* _HOW TO COMPLETE THIS TASK_
Nothing but the lines from the top of the data to the line holding "ABS2 : Subsystem" should be printed, word for word and both ends included; leave the pictures out.

* _INPUT DATA_
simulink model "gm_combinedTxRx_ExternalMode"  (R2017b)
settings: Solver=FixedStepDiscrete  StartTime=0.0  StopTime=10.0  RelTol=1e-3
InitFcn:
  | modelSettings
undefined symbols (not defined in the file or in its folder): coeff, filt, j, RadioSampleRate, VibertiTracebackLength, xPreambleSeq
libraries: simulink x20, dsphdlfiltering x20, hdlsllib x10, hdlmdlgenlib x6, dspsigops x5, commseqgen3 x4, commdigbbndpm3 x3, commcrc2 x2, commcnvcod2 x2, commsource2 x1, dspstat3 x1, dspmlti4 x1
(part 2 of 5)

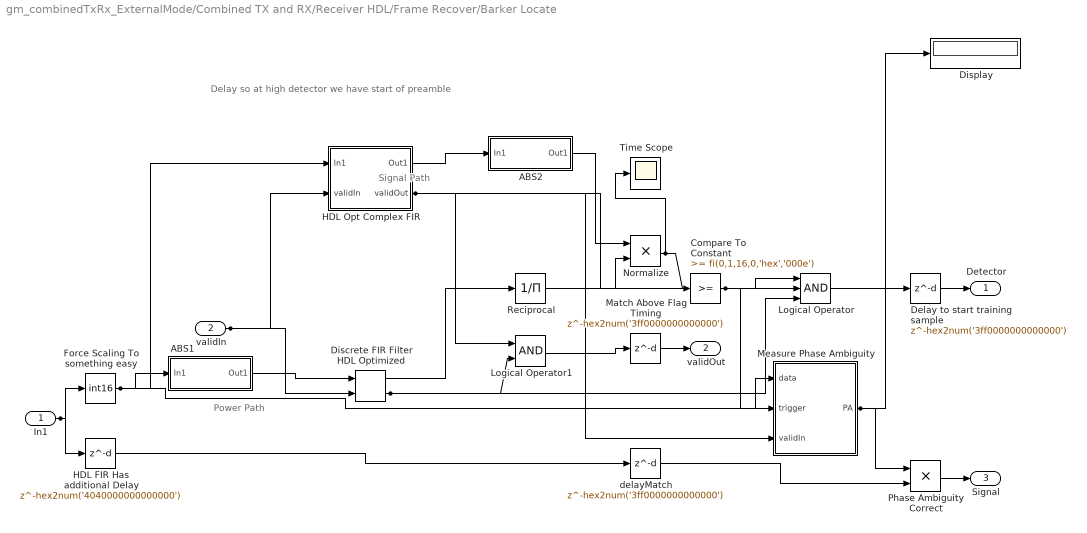
== system gm_combinedTxRx_ExternalMode/Combined TX and RX/Receiver HDL/Frame Recover/Barker Locate ==
  note: Signal Path
  note: Power Path
  note: Delay so at high detector we have start of preamble
  In1 : Inport  PortDimensions=1  SampleTime=1e-06
  validIn : Inport  Port=2  PortDimensions=1  SampleTime=1e-06
  ABS1 : Subsystem
  ABS2 : Subsystem
  Compare To Constant : simulink/Logic and Bit Operations/Compare To Constant  relop=>=  const=fi(0,1,16,0,'hex','000e')  OutDataTypeStr=boolean
  "Delay to start training sample " : Delay  DelayLength=hex2num('3ff0000000000000')  InitialCondition=0  InputProcessing=Inherited  SampleTime=1e-06
  Discrete FIR Filter HDL Optimized : dsphdlfiltering/Discrete FIR Filter HDL Optimized  Numerator=ones(1,length(xPreambleSeq)*1)/1  Sharing=off  SharingFactor=2  SimulateUsing=Code generation  roundingMode=Floor  overflowMode=off  CoefficientsDataTypeStr=Inherit: Same word length as input  CoefficientsMin=[]  CoefficientsMax=[]  OutputDataTypeStr=fixdt(1,17,0)  OutputMin=[]  OutputMax=[]  ValidInPort=on  ReadyPort=off
      settings: SourceProductName=DSP System Toolbox  SourceProductBaseCode=DS
  Display : Display
  Force Scaling To something easy : DataTypeConversion  OutDataTypeStr=int16  SampleTime=1e-06  SaturateOnIntegerOverflow=on
  HDL FIR Has additional Delay : Delay  DelayLength=hex2num('4040000000000000')  InitialCondition=0  InputProcessing=Inherited  SampleTime=1e-06
  HDL Opt Complex FIR : Subsystem  mask{Taps=reshape([complex(-0.7071067811865477, -0.7071067811865475) complex(-0.7071067811865477, -0.7071067811865475) complex(-0.7071067811865477, -0.7071067811865475) complex(0.7071067811865476, 0.7071067811865476) complex(0.7071067811865476, 0.7071067811865476) complex(0.7071067811865476, 0.7071067811865476) complex(-0.7071067811865477, -0.7071067811865475) complex(0.7071067811865476, 0.7071067811865476) complex(-0.7071067811865477, -0.7071067811865475) complex(-0.7071067811865477, -0.7071067811865475) complex(0.7071067811865476, 0.7071067811865476) complex(-0.7071067811865477, -0.7071067811865475) complex(-0.7071067811865477, -0.7071067811865475) complex(-0.7071067811865477, -0.7071067811865475) complex(0.7071067811865476, 0.7071067811865476) complex(0.7071067811865476, 0.7071067811865476) complex(0.7071067811865476, 0.7071067811865476) complex(-0.7071067811865477, -0.7071067811865475) complex(0.7071067811865476, 0.7071067811865476) complex(-0.7071067811865477, -0.7071067811865475) complex(-0.7071067811865477, -0.7071067811865475) complex(0.7071067811865476, 0.7071067811865476) complex(-0.7071067811865477, -0.7071067811865475) complex(-0.7071067811865477, -0.7071067811865475) complex(-0.7071067811865477, -0.7071067811865475) complex(0.7071067811865476, 0.7071067811865476) complex(0.7071067811865476, 0.7071067811865476) complex(0.7071067811865476, 0.7071067811865476)].', [1  28])}
  Logical Operator : Logic  Inputs=3  AllPortsSameDT=off  OutDataTypeStr=boolean  SampleTime=1e-06
  Logical Operator1 : Logic  AllPortsSameDT=off  OutDataTypeStr=boolean  SampleTime=1e-06
  Match Above Flag Timing : Delay  DelayLength=hex2num('3ff0000000000000')  InitialCondition=0  InputProcessing=Inherited  SampleTime=1e-06
  Measure Phase Ambiguity : Subsystem
  Normalize : Product  Inputs=**  OutDataTypeStr=int16  RndMeth=Simplest  SampleTime=1e-06  SaturateOnIntegerOverflow=on
  Phase Ambiguity Correct : Product  Inputs=**  OutDataTypeStr=fixdt(1, 16, 14)  SampleTime=1e-06
  Reciprocal : Product  Inputs=/  OutDataTypeStr=fixdt(1, 17, 15)  SampleTime=1e-06  SaturateOnIntegerOverflow=on  RndMeth=Zero
  Time Scope : Scope
  delayMatch : Delay  DelayLength=hex2num('3ff0000000000000')  InitialCondition=0  InputProcessing=Inherited  SampleTime=1e-06
  Detector : Outport
  validOut : Outport  Port=2
  Signal : Outport  Port=3
  wires:
  ABS1/1(Out1) -> Discrete FIR Filter HDL Optimized/1
  ABS2/1(Out1) -> Normalize/1
  Compare To Constant/1 -> Logical Operator/1, Measure Phase Ambiguity/2(trigger)
  "Delay to start training sample "/1 -> Detector/1
  Discrete FIR Filter HDL Optimized/1 -> Reciprocal/1
  Discrete FIR Filter HDL Optimized/2 -> Logical Operator1/2, Logical Operator/3
  Force Scaling To something easy/1 -> ABS1/1(In1), HDL Opt Complex FIR/1(In1), Measure Phase Ambiguity/1(data)
  delayMatch/1 -> Phase Ambiguity Correct/2
  HDL Opt Complex FIR/1(Out1) -> ABS2/1(In1)
  HDL Opt Complex FIR/2(validOut) -> Logical Operator1/1, Logical Operator/2, Measure Phase Ambiguity/3(validIn)
  Logical Operator/1 -> "Delay to start training sample "/1
  Logical Operator1/1 -> Match Above Flag Timing/1
  Match Above Flag Timing/1 -> validOut/1
  Measure Phase Ambiguity/1(PA) -> Phase Ambiguity Correct/1, Display/1
  Normalize/1 -> Compare To Constant/1, Time Scope/1
  Phase Ambiguity Correct/1 -> Signal/1
  Reciprocal/1 -> Normalize/2
  In1/1 -> Force Scaling To something easy/1, HDL FIR Has additional Delay/1
  validIn/1 -> HDL Opt Complex FIR/2(validIn), Discrete FIR Filter HDL Optimized/2
  HDL FIR Has additional Delay/1 -> delayMatch/1

== system gm_combinedTxRx_ExternalMode/Combined TX and RX/Receiver HDL/Frame Recover/Enable Equalizer and Packet Decode (Latch) ==
  start : Inport  SampleTime=1e-06
  validIn : Inport  Port=2  SampleTime=1e-06
  RxTxFixedPointLibrary_c12_Enable_Equalizer_and_Packet_Decode__L : MATLAB Function  TreatAsAtomicUnit=on
  enable : Outport
  wires:
  RxTxFixedPointLibrary_c12_Enable_Equalizer_and_Packet_Decode__L/1(enable) -> enable/1
  start/1 -> RxTxFixedPointLibrary_c12_Enable_Equalizer_and_Packet_Decode__L/1(start)
  validIn/1 -> RxTxFixedPointLibrary_c12_Enable_Equalizer_and_Packet_Decode__L/2(validIn)

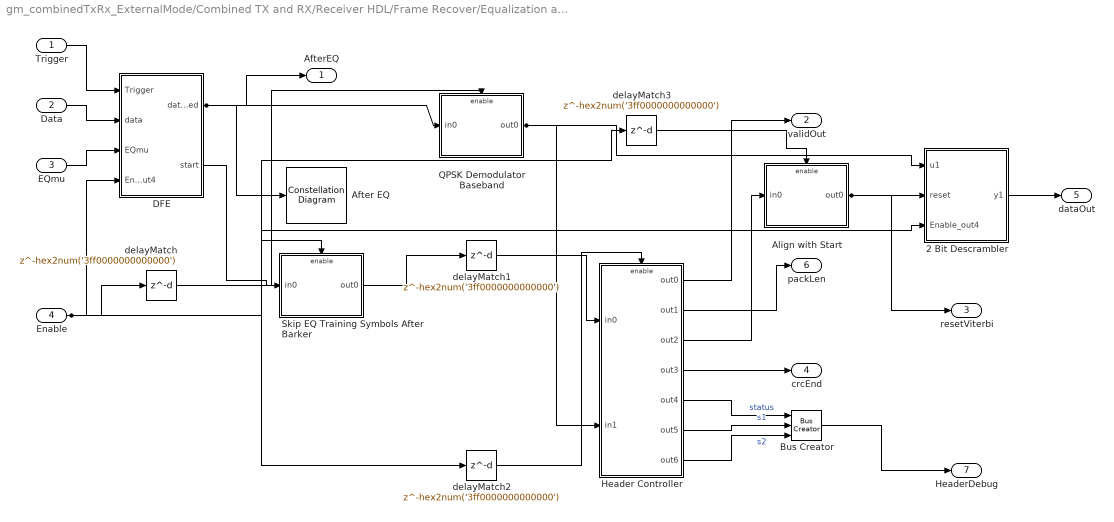
== system gm_combinedTxRx_ExternalMode/Combined TX and RX/Receiver HDL/Frame Recover/Equalization and Demodulation ==
  Trigger : Inport  SampleTime=1e-06
  Data : Inport  Port=2  SampleTime=1e-06
  EQmu : Inport  Port=3  SampleTime=1e-06
  Enable : Inport  Port=4  OutDataTypeStr=boolean  SampleTime=1e-06
  2 Bit Descrambler : Subsystem  mask{polynom=reshape([hex2num('3ff0000000000000') hex2num('3ff0000000000000') hex2num('0000000000000000') hex2num('3ff0000000000000') hex2num('0000000000000000') hex2num('3ff0000000000000') hex2num('0000000000000000') hex2num('3ff0000000000000')].', [1  8]), initstate=reshape([hex2num('0000000000000000') hex2num('3ff0000000000000') hex2num('0000000000000000') hex2num('0000000000000000') hex2num('0000000000000000') hex2num('3ff0000000000000') hex2num('0000000000000000')].', [1  7])}
      mask prompts: polynom "Polynomial"; initstate "Inital State"
      mask Display: fprintf('HDL Descrambler')
  After EQ : ConstellationDiagram
  Align with Start : Subsystem
      settings: MinAlgLoopOccurrences=on
  Bus Creator : BusCreator  Inputs=3
  DFE : Subsystem
  Header Controller : Subsystem
      settings: MinAlgLoopOccurrences=on
  QPSK Demodulator Baseband : Subsystem
      settings: MinAlgLoopOccurrences=on
  Skip EQ Training Symbols After Barker : Subsystem
      settings: MinAlgLoopOccurrences=on
  delayMatch{,1..3} (4 alike) : Delay  DelayLength=hex2num('3ff0000000000000')  InitialCondition=0  InputProcessing=Inherited
  AfterEQ : Outport  InitialOutput=0
  validOut : Outport  Port=2  InitialOutput=0
  resetViterbi : Outport  Port=3  InitialOutput=0
  crcEnd : Outport  Port=4  InitialOutput=0
  dataOut : Outport  Port=5  InitialOutput=0
  packLen : Outport  Port=6  InitialOutput=0
  HeaderDebug : Outport  Port=7  InitialOutput=0
  wires:
  delayMatch/1 -> QPSK Demodulator Baseband/Enable
  2 Bit Descrambler/1(y1) -> dataOut/1
  Align with Start/1(out0) -> 2 Bit Descrambler/2(reset), resetViterbi/1
  Bus Creator/1 -> HeaderDebug/1
  DFE/1(dataEQed) -> QPSK Demodulator Baseband/1(in0), After EQ/1, AfterEQ/1
  DFE/2(start) -> Skip EQ Training Symbols After Barker/1(in0)
  Header Controller/1(out0) -> validOut/1
  Header Controller/2(out1) -> packLen/1
  Header Controller/3(out2) -> Align with Start/1(in0)
  Header Controller/4(out3) -> crcEnd/1
  Header Controller/5(out4) -> Bus Creator/1  "status"
  Header Controller/6(out5) -> Bus Creator/2  "s1"
  Header Controller/7(out6) -> Bus Creator/3  "s2"
  QPSK Demodulator Baseband/1(out0) -> Header Controller/2(in1), 2 Bit Descrambler/1(u1)
  delayMatch1/1 -> Header Controller/1(in0)
  Trigger/1 -> DFE/1(Trigger)
  Data/1 -> DFE/2(data)
  EQmu/1 -> DFE/3(EQmu)
  Enable/1 -> delayMatch3/1, delayMatch2/1, delayMatch/1, Skip EQ Training Symbols After Barker/Enable, DFE/4(Enable_out4), 2 Bit Descrambler/3(Enable_out4)
  delayMatch2/1 -> Header Controller/Enable
  Skip EQ Training Symbols After Barker/1(out0) -> delayMatch1/1
  delayMatch3/1 -> Align with Start/Enable

== system gm_combinedTxRx_ExternalMode/Combined TX and RX/Receiver HDL/Frame Recover/Frequency Recovery ==
  note: Pull in range (Hz) = 2*pi*sqrt(2)*DampingFactor*NormLoopBandwidth*SampleRate
  note: Frequency Lock Delay = SampleRate*4*NormalizedPullInRange^2)/ (SampleRate*NormLoopBandwidth)^3;
  note: Max Phase Lock Delay= 1.3/(NormLoopBandwidth*SampleRate)
  dataIn : Inport  SampleTime=1e-06
  validIn : Inport  Port=2  SampleTime=1e-06
  LoopBW : Inport  Port=3  SampleTime=1e-06
  Enable : Inport  Port=4  OutDataTypeStr=boolean  SampleTime=1e-06
  Delay : Subsystem
      settings: MinAlgLoopOccurrences=on
  Lock Detector : Subsystem  mask{Threshold=hex2num('3f9eb851eb851eb8'), WindowLength=hex2num('4059000000000000')}
      mask prompts: WindowLength "Window Length"
  Loop Filter Configurable : Subsystem
      mask Display: disp('Loop Filter')
  PED : Subsystem
  Phase Shift FP : Subsystem
  StateControl : StateControl  StateControl=Synchronous
  dataOut : Outport  InitialOutput=0
  validOut : Outport  Port=2  InitialOutput=0
  lock : Outport  Port=3  InitialOutput=0
  wires:
  Delay/1(out0) -> dataOut/1, PED/1(In)
  Lock Detector/1(lock) -> lock/1
  PED/1(e) -> Lock Detector/1(ped), Loop Filter Configurable/1(e)
  dataIn/1 -> Phase Shift FP/1(In1)
  validIn/1 -> validOut/1
  LoopBW/1 -> Loop Filter Configurable/2(LoopBW)
  Enable/1 -> Lock Detector/2(Enable_out4), Delay/Enable, Loop Filter Configurable/3(Enable_out4)
  Loop Filter Configurable/1(v) -> Phase Shift FP/2(Phi)
  Phase Shift FP/1(Out1) -> Delay/1(in0)

== system gm_combinedTxRx_ExternalMode/Combined TX and RX/Receiver HDL/Frame Recover/Gardner Timing Recovery ==
  In1 : Inport  SampleTime=1e-06
  Enable : Inport  Port=2  OutDataTypeStr=boolean  SampleTime=1e-06
  Delay : Subsystem
      settings: MinAlgLoopOccurrences=on
  Delay1 : Subsystem
      settings: MinAlgLoopOccurrences=on
  Delay2 : Subsystem
      settings: MinAlgLoopOccurrences=on
  Gardner TED Blocks : Subsystem
  InterpControl_Blocks1 : Subsystem
  Interpolator : Subsystem
  LoopFilter1 : Subsystem  mask{zeta=hex2num('3ff6a09e667f3bcd'), BnTs=hex2num('3f847ae147ae147b'), Kp=hex2num('400599999999999a')}
      mask prompts: zeta "DampingFactor"; BnTs "NormalizedLoopBandwidth"; Kp "DetectionGain"
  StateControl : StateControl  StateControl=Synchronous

* _RESPONSE_
simulink model "gm_combinedTxRx_ExternalMode"  (R2017b)
settings: Solver=FixedStepDiscrete  StartTime=0.0  StopTime=10.0  RelTol=1e-3
InitFcn:
  | modelSettings
undefined symbols (not defined in the file or in its folder): coeff, filt, j, RadioSampleRate, VibertiTracebackLength, xPreambleSeq
libraries: simulink x20, dsphdlfiltering x20, hdlsllib x10, hdlmdlgenlib x6, dspsigops x5, commseqgen3 x4, commdigbbndpm3 x3, commcrc2 x2, commcnvcod2 x2, commsource2 x1, dspstat3 x1, dspmlti4 x1
(part 2 of 5)

== system gm_combinedTxRx_ExternalMode/Combined TX and RX/Receiver HDL/Frame Recover/Barker Locate ==
  note: Signal Path
  note: Power Path
  note: Delay so at high detector we have start of preamble
  In1 : Inport  PortDimensions=1  SampleTime=1e-06
  validIn : Inport  Port=2  PortDimensions=1  SampleTime=1e-06
  ABS1 : Subsystem
  ABS2 : Subsystem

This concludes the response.